▶ BRIEF: Check each line of the entries below for the string "YMax"; copy every line where it appears.

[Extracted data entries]
========================================

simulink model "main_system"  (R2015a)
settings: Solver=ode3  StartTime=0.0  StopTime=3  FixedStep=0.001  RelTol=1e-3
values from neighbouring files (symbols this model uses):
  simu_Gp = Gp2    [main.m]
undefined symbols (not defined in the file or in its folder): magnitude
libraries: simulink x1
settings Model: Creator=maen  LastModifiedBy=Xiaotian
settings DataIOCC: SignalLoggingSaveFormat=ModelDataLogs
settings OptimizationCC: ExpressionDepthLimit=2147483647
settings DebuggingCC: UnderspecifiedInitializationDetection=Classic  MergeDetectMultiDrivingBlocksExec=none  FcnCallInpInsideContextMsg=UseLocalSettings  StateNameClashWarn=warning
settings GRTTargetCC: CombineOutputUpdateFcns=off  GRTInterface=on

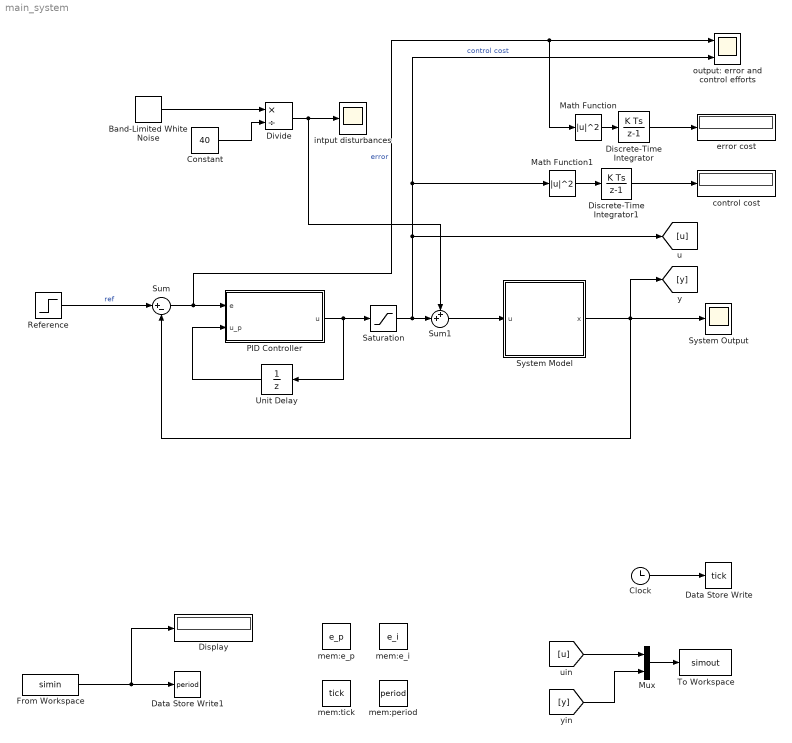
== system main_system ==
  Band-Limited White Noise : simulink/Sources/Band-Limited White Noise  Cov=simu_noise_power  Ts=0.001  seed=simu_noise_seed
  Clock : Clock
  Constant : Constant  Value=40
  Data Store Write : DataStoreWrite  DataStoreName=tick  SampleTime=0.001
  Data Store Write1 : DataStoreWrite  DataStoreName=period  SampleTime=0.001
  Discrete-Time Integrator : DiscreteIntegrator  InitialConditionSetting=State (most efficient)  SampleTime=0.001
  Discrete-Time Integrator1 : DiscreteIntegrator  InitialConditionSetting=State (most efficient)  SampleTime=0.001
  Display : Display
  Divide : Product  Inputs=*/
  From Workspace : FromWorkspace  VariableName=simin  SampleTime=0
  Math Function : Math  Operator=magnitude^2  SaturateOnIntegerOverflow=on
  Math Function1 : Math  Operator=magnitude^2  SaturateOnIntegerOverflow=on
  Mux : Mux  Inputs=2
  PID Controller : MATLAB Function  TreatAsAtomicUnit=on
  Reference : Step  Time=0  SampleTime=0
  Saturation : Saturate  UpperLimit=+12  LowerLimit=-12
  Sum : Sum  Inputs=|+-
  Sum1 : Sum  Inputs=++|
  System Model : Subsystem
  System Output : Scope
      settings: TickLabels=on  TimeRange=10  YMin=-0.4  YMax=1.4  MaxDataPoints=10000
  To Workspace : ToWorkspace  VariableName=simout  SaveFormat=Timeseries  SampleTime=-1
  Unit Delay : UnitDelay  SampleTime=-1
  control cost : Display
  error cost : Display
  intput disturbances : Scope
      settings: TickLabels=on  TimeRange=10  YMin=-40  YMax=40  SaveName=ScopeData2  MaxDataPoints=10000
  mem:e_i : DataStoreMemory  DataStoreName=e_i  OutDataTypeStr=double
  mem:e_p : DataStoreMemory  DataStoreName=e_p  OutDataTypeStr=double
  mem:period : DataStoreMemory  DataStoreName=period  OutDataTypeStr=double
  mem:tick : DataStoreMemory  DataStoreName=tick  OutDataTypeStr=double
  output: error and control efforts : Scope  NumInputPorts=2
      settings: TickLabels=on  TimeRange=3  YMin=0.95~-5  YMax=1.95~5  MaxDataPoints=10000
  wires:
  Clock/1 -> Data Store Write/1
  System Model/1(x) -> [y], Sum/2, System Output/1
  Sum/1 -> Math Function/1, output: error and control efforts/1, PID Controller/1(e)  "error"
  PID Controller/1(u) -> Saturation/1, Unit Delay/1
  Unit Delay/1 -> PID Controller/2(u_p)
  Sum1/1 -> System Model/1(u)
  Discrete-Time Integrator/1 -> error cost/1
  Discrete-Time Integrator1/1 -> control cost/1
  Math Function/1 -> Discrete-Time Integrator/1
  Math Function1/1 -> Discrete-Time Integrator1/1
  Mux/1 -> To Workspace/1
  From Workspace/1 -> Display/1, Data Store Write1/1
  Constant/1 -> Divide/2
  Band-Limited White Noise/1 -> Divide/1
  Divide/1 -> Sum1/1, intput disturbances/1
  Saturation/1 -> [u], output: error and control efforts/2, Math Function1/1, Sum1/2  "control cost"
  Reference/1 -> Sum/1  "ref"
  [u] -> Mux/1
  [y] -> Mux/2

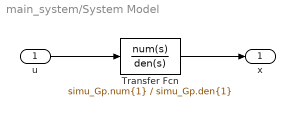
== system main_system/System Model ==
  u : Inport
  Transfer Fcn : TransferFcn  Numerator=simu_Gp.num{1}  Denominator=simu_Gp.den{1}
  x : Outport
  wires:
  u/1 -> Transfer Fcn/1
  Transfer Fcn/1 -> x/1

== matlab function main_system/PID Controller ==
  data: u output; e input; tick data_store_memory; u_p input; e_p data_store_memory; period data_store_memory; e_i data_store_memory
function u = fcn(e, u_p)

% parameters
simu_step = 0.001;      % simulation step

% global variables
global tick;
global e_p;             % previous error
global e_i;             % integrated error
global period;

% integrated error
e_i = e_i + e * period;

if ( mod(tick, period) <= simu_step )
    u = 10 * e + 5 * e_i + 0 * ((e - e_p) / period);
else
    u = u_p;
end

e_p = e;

========================================

▶ ANSWER SECTION:
      settings: TickLabels=on  TimeRange=10  YMin=-0.4  YMax=1.4  MaxDataPoints=10000
      settings: TickLabels=on  TimeRange=10  YMin=-40  YMax=40  SaveName=ScopeData2  MaxDataPoints=10000
      settings: TickLabels=on  TimeRange=3  YMin=0.95~-5  YMax=1.95~5  MaxDataPoints=10000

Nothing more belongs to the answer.